Written by Joe Scotchie: email@example.com Friday, 22 June 2012 00:00Carrying signs with such messages as “Don’t Betray Our Kids” and “Don’t Leave Our Youth in the Street,” up to 300 people gathered at the Theodore Roosevelt Executive and Legislative Building on Monday, June 18 to protest the possible loss of funding to numerous community service programs.
Various agencies organized the event once they received notice that their county contracts would be cancelled and funding eliminated on July 5 if Nassau County Executive Edward P. Mangano’s fiscal recovery plan is not approved, the event organizers said.

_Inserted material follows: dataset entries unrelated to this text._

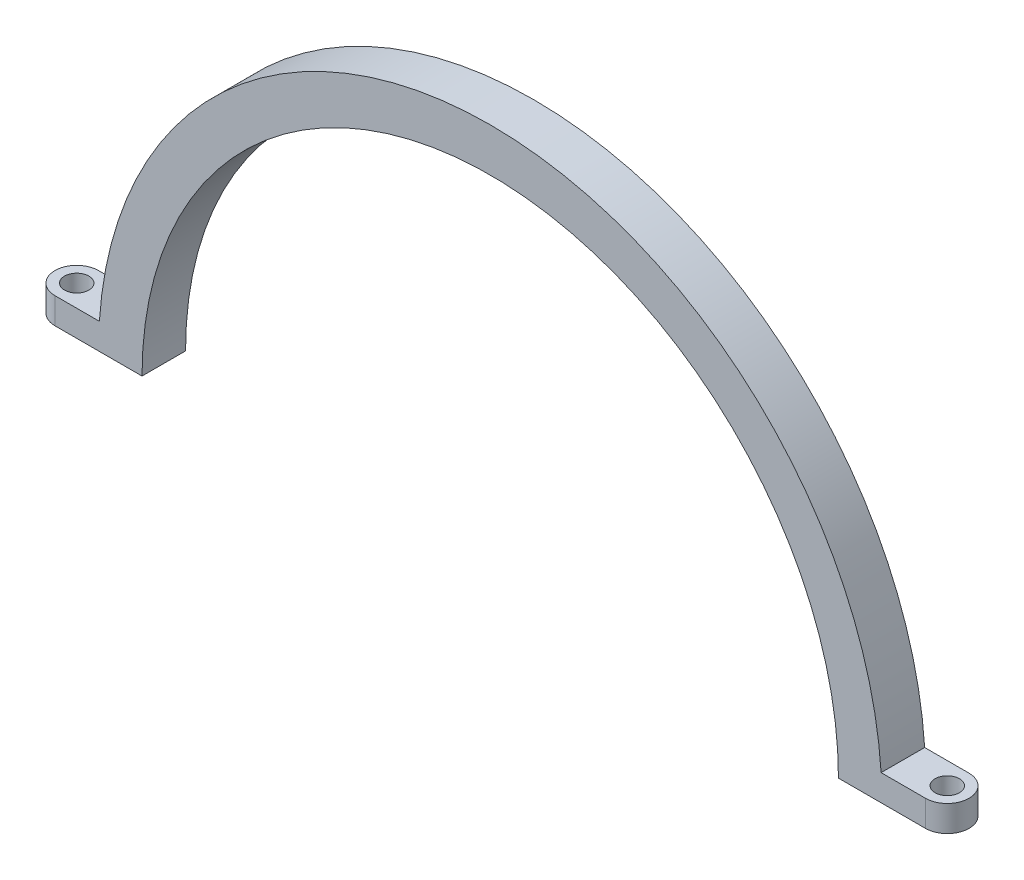
ISO-10303-21;
HEADER;
FILE_DESCRIPTION(('STEP AP214'),'2;1');
FILE_NAME('part.step','',(''),(''),'','','');
FILE_SCHEMA(('AUTOMOTIVE_DESIGN { 1 0 10303 214 1 1 1 1 }'));
ENDSEC;
DATA;
#1=APPLICATION_CONTEXT('core data for automotive mechanical design processes');
#2=APPLICATION_PROTOCOL_DEFINITION('international standard','automotive_design',2000,#1);
#3=PRODUCT_CONTEXT('',#1,'mechanical');
#4=PRODUCT('Part','Part','',(#3));
#5=PRODUCT_RELATED_PRODUCT_CATEGORY('part','',(#4));
#6=PRODUCT_DEFINITION_FORMATION('','',#4);
#7=PRODUCT_DEFINITION_CONTEXT('part definition',#1,'design');
#8=PRODUCT_DEFINITION('design','',#6,#7);
#9=PRODUCT_DEFINITION_SHAPE('','',#8);
#10=(LENGTH_UNIT() NAMED_UNIT(*) SI_UNIT(.MILLI.,.METRE.));
#11=(NAMED_UNIT(*) PLANE_ANGLE_UNIT() SI_UNIT($,.RADIAN.));
#12=(NAMED_UNIT(*) SI_UNIT($,.STERADIAN.) SOLID_ANGLE_UNIT());
#13=UNCERTAINTY_MEASURE_WITH_UNIT(LENGTH_MEASURE(1.E-05),#10,'distance_accuracy_value','');
#14=(GEOMETRIC_REPRESENTATION_CONTEXT(3) GLOBAL_UNCERTAINTY_ASSIGNED_CONTEXT((#13)) GLOBAL_UNIT_ASSIGNED_CONTEXT((#10,
#11,#12)) REPRESENTATION_CONTEXT('',''));
#15=CARTESIAN_POINT('',(0.,0.,0.));
#16=DIRECTION('',(0.,0.,1.));
#17=DIRECTION('',(1.,0.,0.));
#18=AXIS2_PLACEMENT_3D('',#15,#16,#17);
#19=CARTESIAN_POINT('',(0.,0.,5.));
#20=DIRECTION('',(0.,0.,-1.));
#21=DIRECTION('',(-1.,0.,0.));
#22=AXIS2_PLACEMENT_3D('',#19,#20,#21);
#23=CYLINDRICAL_SURFACE('',#22,45.);
#24=CARTESIAN_POINT('',(0.,0.,5.));
#25=DIRECTION('',(0.,0.,1.));
#26=DIRECTION('',(1.,0.,0.));
#27=AXIS2_PLACEMENT_3D('',#24,#25,#26);
#28=CIRCLE('',#27,45.);
#29=CARTESIAN_POINT('',(44.8998886412873,3.,5.));
#30=VERTEX_POINT('',#29);
#31=CARTESIAN_POINT('',(-44.8998886412873,3.,5.));
#32=VERTEX_POINT('',#31);
#33=EDGE_CURVE('E54',#30,#32,#28,.T.);
#34=ORIENTED_EDGE('',*,*,#33,.F.);
#35=DIRECTION('',(0.,0.,-1.));
#36=VECTOR('',#35,1.);
#37=CARTESIAN_POINT('',(44.8998886412873,3.,5.));
#38=LINE('',#37,#36);
#39=CARTESIAN_POINT('',(44.8998886412873,3.,0.));
#40=VERTEX_POINT('',#39);
#41=EDGE_CURVE('E58',#30,#40,#38,.T.);
#42=ORIENTED_EDGE('',*,*,#41,.T.);
#43=CARTESIAN_POINT('',(0.,0.,0.));
#44=DIRECTION('',(0.,0.,1.));
#45=DIRECTION('',(1.,0.,0.));
#46=AXIS2_PLACEMENT_3D('',#43,#44,#45);
#47=CIRCLE('',#46,45.);
#48=CARTESIAN_POINT('',(-44.8998886412873,3.,0.));
#49=VERTEX_POINT('',#48);
#50=EDGE_CURVE('E111',#40,#49,#47,.T.);
#51=ORIENTED_EDGE('',*,*,#50,.T.);
#52=DIRECTION('',(0.,0.,-1.));
#53=VECTOR('',#52,1.);
#54=CARTESIAN_POINT('',(-44.8998886412873,3.,5.));
#55=LINE('',#54,#53);
#56=EDGE_CURVE('E163',#32,#49,#55,.T.);
#57=ORIENTED_EDGE('',*,*,#56,.F.);
#58=EDGE_LOOP('',(#34,#42,#51,#57));
#59=FACE_BOUND('',#58,.T.);
#60=ADVANCED_FACE('F39',(#59),#23,.T.);
#61=CARTESIAN_POINT('',(0.,0.,5.));
#62=DIRECTION('',(0.,0.,-1.));
#63=DIRECTION('',(-1.,0.,0.));
#64=AXIS2_PLACEMENT_3D('',#61,#62,#63);
#65=CYLINDRICAL_SURFACE('',#64,40.);
#66=CARTESIAN_POINT('',(0.,0.,0.));
#67=DIRECTION('',(0.,0.,-1.));
#68=DIRECTION('',(1.,0.,0.));
#69=AXIS2_PLACEMENT_3D('',#66,#67,#68);
#70=CIRCLE('',#69,40.);
#71=CARTESIAN_POINT('',(-40.,0.,0.));
#72=VERTEX_POINT('',#71);
#73=CARTESIAN_POINT('',(40.,0.,0.));
#74=VERTEX_POINT('',#73);
#75=EDGE_CURVE('E112',#72,#74,#70,.T.);
#76=ORIENTED_EDGE('',*,*,#75,.T.);
#77=DIRECTION('',(0.,0.,-1.));
#78=VECTOR('',#77,1.);
#79=CARTESIAN_POINT('',(40.,0.,5.));
#80=LINE('',#79,#78);
#81=CARTESIAN_POINT('',(40.,0.,5.));
#82=VERTEX_POINT('',#81);
#83=EDGE_CURVE('E11',#82,#74,#80,.T.);
#84=ORIENTED_EDGE('',*,*,#83,.F.);
#85=CARTESIAN_POINT('',(0.,0.,5.));
#86=DIRECTION('',(0.,0.,-1.));
#87=DIRECTION('',(1.,0.,0.));
#88=AXIS2_PLACEMENT_3D('',#85,#86,#87);
#89=CIRCLE('',#88,40.);
#90=CARTESIAN_POINT('',(-40.,0.,5.));
#91=VERTEX_POINT('',#90);
#92=EDGE_CURVE('E168',#91,#82,#89,.T.);
#93=ORIENTED_EDGE('',*,*,#92,.F.);
#94=DIRECTION('',(0.,0.,-1.));
#95=VECTOR('',#94,1.);
#96=CARTESIAN_POINT('',(-40.,0.,5.));
#97=LINE('',#96,#95);
#98=EDGE_CURVE('E47',#91,#72,#97,.T.);
#99=ORIENTED_EDGE('',*,*,#98,.T.);
#100=EDGE_LOOP('',(#76,#84,#93,#99));
#101=FACE_BOUND('',#100,.T.);
#102=ADVANCED_FACE('F41',(#101),#65,.F.);
#103=CARTESIAN_POINT('',(40.,0.,5.));
#104=DIRECTION('',(0.,1.,0.));
#105=DIRECTION('',(0.,0.,1.));
#106=AXIS2_PLACEMENT_3D('',#103,#104,#105);
#107=PLANE('',#106);
#108=DIRECTION('',(1.,0.,0.));
#109=VECTOR('',#108,1.);
#110=CARTESIAN_POINT('',(40.,0.,0.));
#111=LINE('',#110,#109);
#112=CARTESIAN_POINT('',(50.,0.,4.44608520944706E-13));
#113=VERTEX_POINT('',#112);
#114=EDGE_CURVE('E101',#74,#113,#111,.T.);
#115=ORIENTED_EDGE('',*,*,#114,.T.);
#116=CARTESIAN_POINT('',(50.,0.,2.50000000000044));
#117=DIRECTION('',(0.,-1.,0.));
#118=DIRECTION('',(0.,0.,1.));
#119=AXIS2_PLACEMENT_3D('',#116,#117,#118);
#120=CIRCLE('',#119,2.5);
#121=CARTESIAN_POINT('',(50.,0.,5.00000000000044));
#122=VERTEX_POINT('',#121);
#123=EDGE_CURVE('E106',#113,#122,#120,.T.);
#124=ORIENTED_EDGE('',*,*,#123,.T.);
#125=DIRECTION('',(1.,0.,0.));
#126=VECTOR('',#125,1.);
#127=CARTESIAN_POINT('',(40.,0.,5.));
#128=LINE('',#127,#126);
#129=EDGE_CURVE('E171',#82,#122,#128,.T.);
#130=ORIENTED_EDGE('',*,*,#129,.F.);
#131=ORIENTED_EDGE('',*,*,#83,.T.);
#132=EDGE_LOOP('',(#115,#124,#130,#131));
#133=FACE_BOUND('',#132,.T.);
#134=CARTESIAN_POINT('',(50.,0.,2.50000000000044));
#135=DIRECTION('',(0.,-1.,0.));
#136=DIRECTION('',(0.,0.,-1.));
#137=AXIS2_PLACEMENT_3D('',#134,#135,#136);
#138=CIRCLE('',#137,1.4);
#139=CARTESIAN_POINT('',(50.,0.,1.10000000000045));
#140=VERTEX_POINT('',#139);
#141=EDGE_CURVE('E130',#140,#140,#138,.T.);
#142=ORIENTED_EDGE('',*,*,#141,.F.);
#143=EDGE_LOOP('',(#142));
#144=FACE_BOUND('',#143,.T.);
#145=ADVANCED_FACE('F103',(#133,#144),#107,.F.);
#146=CARTESIAN_POINT('',(-45.,0.,5.));
#147=DIRECTION('',(0.,1.,0.));
#148=DIRECTION('',(0.,0.,1.));
#149=AXIS2_PLACEMENT_3D('',#146,#147,#148);
#150=PLANE('',#149);
#151=ORIENTED_EDGE('',*,*,#98,.F.);
#152=DIRECTION('',(1.,0.,0.));
#153=VECTOR('',#152,1.);
#154=CARTESIAN_POINT('',(-45.,0.,5.));
#155=LINE('',#154,#153);
#156=CARTESIAN_POINT('',(-50.,0.,5.));
#157=VERTEX_POINT('',#156);
#158=EDGE_CURVE('E175',#157,#91,#155,.T.);
#159=ORIENTED_EDGE('',*,*,#158,.F.);
#160=CARTESIAN_POINT('',(-50.,0.,2.5));
#161=DIRECTION('',(0.,-1.,0.));
#162=DIRECTION('',(0.,0.,-1.));
#163=AXIS2_PLACEMENT_3D('',#160,#161,#162);
#164=CIRCLE('',#163,2.5);
#165=CARTESIAN_POINT('',(-50.,0.,0.));
#166=VERTEX_POINT('',#165);
#167=EDGE_CURVE('E146',#157,#166,#164,.T.);
#168=ORIENTED_EDGE('',*,*,#167,.T.);
#169=DIRECTION('',(1.,0.,0.));
#170=VECTOR('',#169,1.);
#171=CARTESIAN_POINT('',(-45.,0.,0.));
#172=LINE('',#171,#170);
#173=EDGE_CURVE('E172',#166,#72,#172,.T.);
#174=ORIENTED_EDGE('',*,*,#173,.T.);
#175=EDGE_LOOP('',(#151,#159,#168,#174));
#176=FACE_BOUND('',#175,.T.);
#177=CARTESIAN_POINT('',(-50.,0.,2.5));
#178=DIRECTION('',(0.,-1.,0.));
#179=DIRECTION('',(0.,0.,-1.));
#180=AXIS2_PLACEMENT_3D('',#177,#178,#179);
#181=CIRCLE('',#180,1.4);
#182=CARTESIAN_POINT('',(-50.,0.,1.1));
#183=VERTEX_POINT('',#182);
#184=EDGE_CURVE('E142',#183,#183,#181,.T.);
#185=ORIENTED_EDGE('',*,*,#184,.F.);
#186=EDGE_LOOP('',(#185));
#187=FACE_BOUND('',#186,.T.);
#188=ADVANCED_FACE('F190',(#176,#187),#150,.F.);
#189=CARTESIAN_POINT('',(0.,0.,5.));
#190=DIRECTION('',(0.,0.,1.));
#191=DIRECTION('',(1.,0.,0.));
#192=AXIS2_PLACEMENT_3D('',#189,#190,#191);
#193=PLANE('',#192);
#194=ORIENTED_EDGE('',*,*,#129,.T.);
#195=DIRECTION('',(0.,-1.,0.));
#196=VECTOR('',#195,1.);
#197=CARTESIAN_POINT('',(50.,3.,5.00000000000044));
#198=LINE('',#197,#196);
#199=CARTESIAN_POINT('',(50.,3.,5.00000000000044));
#200=VERTEX_POINT('',#199);
#201=EDGE_CURVE('E122',#200,#122,#198,.T.);
#202=ORIENTED_EDGE('',*,*,#201,.F.);
#203=DIRECTION('',(-1.,0.,0.));
#204=VECTOR('',#203,1.);
#205=CARTESIAN_POINT('',(45.,3.,5.00000000000044));
#206=LINE('',#205,#204);
#207=EDGE_CURVE('E132',#200,#30,#206,.T.);
#208=ORIENTED_EDGE('',*,*,#207,.T.);
#209=ORIENTED_EDGE('',*,*,#33,.T.);
#210=DIRECTION('',(-1.,0.,0.));
#211=VECTOR('',#210,1.);
#212=CARTESIAN_POINT('',(-45.,3.,5.));
#213=LINE('',#212,#211);
#214=CARTESIAN_POINT('',(-50.,3.,5.));
#215=VERTEX_POINT('',#214);
#216=EDGE_CURVE('E149',#32,#215,#213,.T.);
#217=ORIENTED_EDGE('',*,*,#216,.T.);
#218=DIRECTION('',(0.,-1.,0.));
#219=VECTOR('',#218,1.);
#220=CARTESIAN_POINT('',(-50.,3.,5.));
#221=LINE('',#220,#219);
#222=EDGE_CURVE('E157',#215,#157,#221,.T.);
#223=ORIENTED_EDGE('',*,*,#222,.T.);
#224=ORIENTED_EDGE('',*,*,#158,.T.);
#225=ORIENTED_EDGE('',*,*,#92,.T.);
#226=EDGE_LOOP('',(#194,#202,#208,#209,#217,#223,#224,#225));
#227=FACE_BOUND('',#226,.T.);
#228=ADVANCED_FACE('F193',(#227),#193,.T.);
#229=CARTESIAN_POINT('',(0.,0.,0.));
#230=DIRECTION('',(0.,0.,1.));
#231=DIRECTION('',(1.,0.,0.));
#232=AXIS2_PLACEMENT_3D('',#229,#230,#231);
#233=PLANE('',#232);
#234=DIRECTION('',(0.,-1.,0.));
#235=VECTOR('',#234,1.);
#236=CARTESIAN_POINT('',(50.,3.,4.44608520944706E-13));
#237=LINE('',#236,#235);
#238=CARTESIAN_POINT('',(50.,3.,4.44608520944706E-13));
#239=VERTEX_POINT('',#238);
#240=EDGE_CURVE('E115',#239,#113,#237,.T.);
#241=ORIENTED_EDGE('',*,*,#240,.T.);
#242=ORIENTED_EDGE('',*,*,#114,.F.);
#243=ORIENTED_EDGE('',*,*,#75,.F.);
#244=ORIENTED_EDGE('',*,*,#173,.F.);
#245=DIRECTION('',(0.,-1.,0.));
#246=VECTOR('',#245,1.);
#247=CARTESIAN_POINT('',(-50.,3.,0.));
#248=LINE('',#247,#246);
#249=CARTESIAN_POINT('',(-50.,3.,0.));
#250=VERTEX_POINT('',#249);
#251=EDGE_CURVE('E160',#250,#166,#248,.T.);
#252=ORIENTED_EDGE('',*,*,#251,.F.);
#253=DIRECTION('',(1.,0.,0.));
#254=VECTOR('',#253,1.);
#255=CARTESIAN_POINT('',(-45.,3.,0.));
#256=LINE('',#255,#254);
#257=EDGE_CURVE('E154',#250,#49,#256,.T.);
#258=ORIENTED_EDGE('',*,*,#257,.T.);
#259=ORIENTED_EDGE('',*,*,#50,.F.);
#260=DIRECTION('',(1.,0.,0.));
#261=VECTOR('',#260,1.);
#262=CARTESIAN_POINT('',(45.,3.,4.44089209850063E-13));
#263=LINE('',#262,#261);
#264=EDGE_CURVE('E118',#40,#239,#263,.T.);
#265=ORIENTED_EDGE('',*,*,#264,.T.);
#266=EDGE_LOOP('',(#241,#242,#243,#244,#252,#258,#259,#265));
#267=FACE_BOUND('',#266,.T.);
#268=ADVANCED_FACE('F116',(#267),#233,.F.);
#269=CARTESIAN_POINT('',(-50.,3.,2.5));
#270=DIRECTION('',(0.,-1.,0.));
#271=DIRECTION('',(0.,0.,-1.));
#272=AXIS2_PLACEMENT_3D('',#269,#270,#271);
#273=PLANE('',#272);
#274=CARTESIAN_POINT('',(-50.,3.,2.5));
#275=DIRECTION('',(0.,-1.,0.));
#276=DIRECTION('',(0.,0.,-1.));
#277=AXIS2_PLACEMENT_3D('',#274,#275,#276);
#278=CIRCLE('',#277,1.4);
#279=CARTESIAN_POINT('',(-50.,3.,1.1));
#280=VERTEX_POINT('',#279);
#281=EDGE_CURVE('E143',#280,#280,#278,.T.);
#282=ORIENTED_EDGE('',*,*,#281,.T.);
#283=EDGE_LOOP('',(#282));
#284=FACE_BOUND('',#283,.T.);
#285=ORIENTED_EDGE('',*,*,#216,.F.);
#286=ORIENTED_EDGE('',*,*,#56,.T.);
#287=ORIENTED_EDGE('',*,*,#257,.F.);
#288=CARTESIAN_POINT('',(-50.,3.,2.5));
#289=DIRECTION('',(0.,-1.,0.));
#290=DIRECTION('',(0.,0.,-1.));
#291=AXIS2_PLACEMENT_3D('',#288,#289,#290);
#292=CIRCLE('',#291,2.5);
#293=EDGE_CURVE('E151',#215,#250,#292,.T.);
#294=ORIENTED_EDGE('',*,*,#293,.F.);
#295=EDGE_LOOP('',(#285,#286,#287,#294));
#296=FACE_BOUND('',#295,.T.);
#297=ADVANCED_FACE('F196',(#284,#296),#273,.F.);
#298=CARTESIAN_POINT('',(-50.,3.,2.5));
#299=DIRECTION('',(0.,-1.,0.));
#300=DIRECTION('',(0.,0.,-1.));
#301=AXIS2_PLACEMENT_3D('',#298,#299,#300);
#302=CYLINDRICAL_SURFACE('',#301,2.5);
#303=ORIENTED_EDGE('',*,*,#167,.F.);
#304=ORIENTED_EDGE('',*,*,#222,.F.);
#305=ORIENTED_EDGE('',*,*,#293,.T.);
#306=ORIENTED_EDGE('',*,*,#251,.T.);
#307=EDGE_LOOP('',(#303,#304,#305,#306));
#308=FACE_BOUND('',#307,.T.);
#309=ADVANCED_FACE('F187',(#308),#302,.T.);
#310=CARTESIAN_POINT('',(-50.,3.,2.5));
#311=DIRECTION('',(0.,-1.,0.));
#312=DIRECTION('',(0.,0.,-1.));
#313=AXIS2_PLACEMENT_3D('',#310,#311,#312);
#314=CYLINDRICAL_SURFACE('',#313,1.4);
#315=ORIENTED_EDGE('',*,*,#281,.F.);
#316=EDGE_LOOP('',(#315));
#317=FACE_BOUND('',#316,.T.);
#318=ORIENTED_EDGE('',*,*,#184,.T.);
#319=EDGE_LOOP('',(#318));
#320=FACE_BOUND('',#319,.T.);
#321=ADVANCED_FACE('F201',(#317,#320),#314,.F.);
#322=CARTESIAN_POINT('',(50.,3.,2.50000000000044));
#323=DIRECTION('',(0.,1.,0.));
#324=DIRECTION('',(0.,0.,1.));
#325=AXIS2_PLACEMENT_3D('',#322,#323,#324);
#326=PLANE('',#325);
#327=CARTESIAN_POINT('',(50.,3.,2.50000000000044));
#328=DIRECTION('',(0.,-1.,0.));
#329=DIRECTION('',(0.,0.,-1.));
#330=AXIS2_PLACEMENT_3D('',#327,#328,#329);
#331=CIRCLE('',#330,1.4);
#332=CARTESIAN_POINT('',(50.,3.,1.10000000000045));
#333=VERTEX_POINT('',#332);
#334=EDGE_CURVE('E126',#333,#333,#331,.T.);
#335=ORIENTED_EDGE('',*,*,#334,.T.);
#336=EDGE_LOOP('',(#335));
#337=FACE_BOUND('',#336,.T.);
#338=ORIENTED_EDGE('',*,*,#41,.F.);
#339=ORIENTED_EDGE('',*,*,#207,.F.);
#340=CARTESIAN_POINT('',(50.,3.,2.50000000000044));
#341=DIRECTION('',(0.,-1.,0.));
#342=DIRECTION('',(0.,0.,1.));
#343=AXIS2_PLACEMENT_3D('',#340,#341,#342);
#344=CIRCLE('',#343,2.5);
#345=EDGE_CURVE('E127',#239,#200,#344,.T.);
#346=ORIENTED_EDGE('',*,*,#345,.F.);
#347=ORIENTED_EDGE('',*,*,#264,.F.);
#348=EDGE_LOOP('',(#338,#339,#346,#347));
#349=FACE_BOUND('',#348,.T.);
#350=ADVANCED_FACE('F198',(#337,#349),#326,.T.);
#351=CARTESIAN_POINT('',(50.,3.,2.50000000000044));
#352=DIRECTION('',(0.,-1.,0.));
#353=DIRECTION('',(0.,0.,-1.));
#354=AXIS2_PLACEMENT_3D('',#351,#352,#353);
#355=CYLINDRICAL_SURFACE('',#354,2.5);
#356=ORIENTED_EDGE('',*,*,#123,.F.);
#357=ORIENTED_EDGE('',*,*,#240,.F.);
#358=ORIENTED_EDGE('',*,*,#345,.T.);
#359=ORIENTED_EDGE('',*,*,#201,.T.);
#360=EDGE_LOOP('',(#356,#357,#358,#359));
#361=FACE_BOUND('',#360,.T.);
#362=ADVANCED_FACE('F125',(#361),#355,.T.);
#363=CARTESIAN_POINT('',(50.,3.,2.50000000000044));
#364=DIRECTION('',(0.,-1.,0.));
#365=DIRECTION('',(0.,0.,-1.));
#366=AXIS2_PLACEMENT_3D('',#363,#364,#365);
#367=CYLINDRICAL_SURFACE('',#366,1.4);
#368=ORIENTED_EDGE('',*,*,#334,.F.);
#369=EDGE_LOOP('',(#368));
#370=FACE_BOUND('',#369,.T.);
#371=ORIENTED_EDGE('',*,*,#141,.T.);
#372=EDGE_LOOP('',(#371));
#373=FACE_BOUND('',#372,.T.);
#374=ADVANCED_FACE('F208',(#370,#373),#367,.F.);
#375=CLOSED_SHELL('',(#60,#102,#145,#188,#228,#268,#297,#309,#321,#350,#362,#374));
#376=MANIFOLD_SOLID_BREP('B2',#375);
#377=ADVANCED_BREP_SHAPE_REPRESENTATION('',(#18,#376),#14);
#378=SHAPE_DEFINITION_REPRESENTATION(#9,#377);
ENDSEC;
END-ISO-10303-21;

The coalitions that sponsored the event are the Nassau County Youth Services Agencies, Senior Services Provider Coalition, the Coalition of Behavioral Health Providers, the Nassau Alliance for Addictive Services, and the Long Island Hispanic Coalition. According to organizers, the coalitions have no position on the fiscal recovery plan. However, they “vehemently” oppose the cancellation of county contracts.
Speakers were defiant but optimistic as they denounced both the policy and the politics behind the threatened funding losses.
Peter Levy, president of Youth Services Coalition, called on the county legislature to stop “playing games with the lives of children, senior citizens and the most vulnerable people [in the county]. This has nothing to do with politics, it has to do with real people.”
And that was the theme of the rally, as speakers warned of ominous consequences if, especially, youth services are eliminated, especially in light of the county’s substance abuse problem.
“This is a sad occasion,” said Joe Smith, executive director of Long Beach Reach. Inc. “The county is saying to kids: ‘You don’t matter.’ We won’t let that happen. This is the most cynical action the county has taken in a very long time,” Smith added, referring to the July 5 deadline date.
Smith said that in the past, agencies have accepted budget cuts and limited contracts, but that the elimination of programs was “not acceptable,” adding that the rally was just the beginning of the resistance.
Jamie Bogenshutz, of the Massapequa-based YES Counseling Community Counseling Center spoke in similar terms, denouncing what she called the “incredulous, irresponsible” July 5 deadline. Calling the non-profit workforce “the backbone of the county,” Ms. Bogenshutz noted that such organizations are not just responsive to community issues; they also “save lives.”
Maria Cuadra, chair of the Long Island Hispanic Coalition, also touted the practical nature of such organizations. She said program eliminations would result in “thousands of people” being unemployed. Ms. Quadro also called on the county to divert monies from red light camera fines to youth services.
Echoing Ms. Bogenshutz, Dr. Mary Lou Jones, executive director of South Shore Guidance Center, claimed that the county is experiencing its worst instances of chemical dependency in recent history. She, too, painted a grim picture, claiming also that losing youth services funding would result in “more DWI, more suicide, more death.”
Although the gathering was nonpartisan, the response to the rally turned, not surprisingly, on partisan lines.
“As a legislator in 2009, Ed Mangano supported the red light camera law which provided revenue to the social service agencies, but now because of his mismanagement he has decided to revoke that promise he made,” said Minority Leader Kevan Abrahams. “As county executive, Mr. Mangano has wasted taxpayer dollars on glossy mailings and lucrative contracts to politically connected law firms that could have gone to keep these programs funded.”
“I stand with the protestors,” said County Executive Edward P. Mangano. “The Democrats should do the right thing and provide the three votes necessary to avoid these draconian cuts.”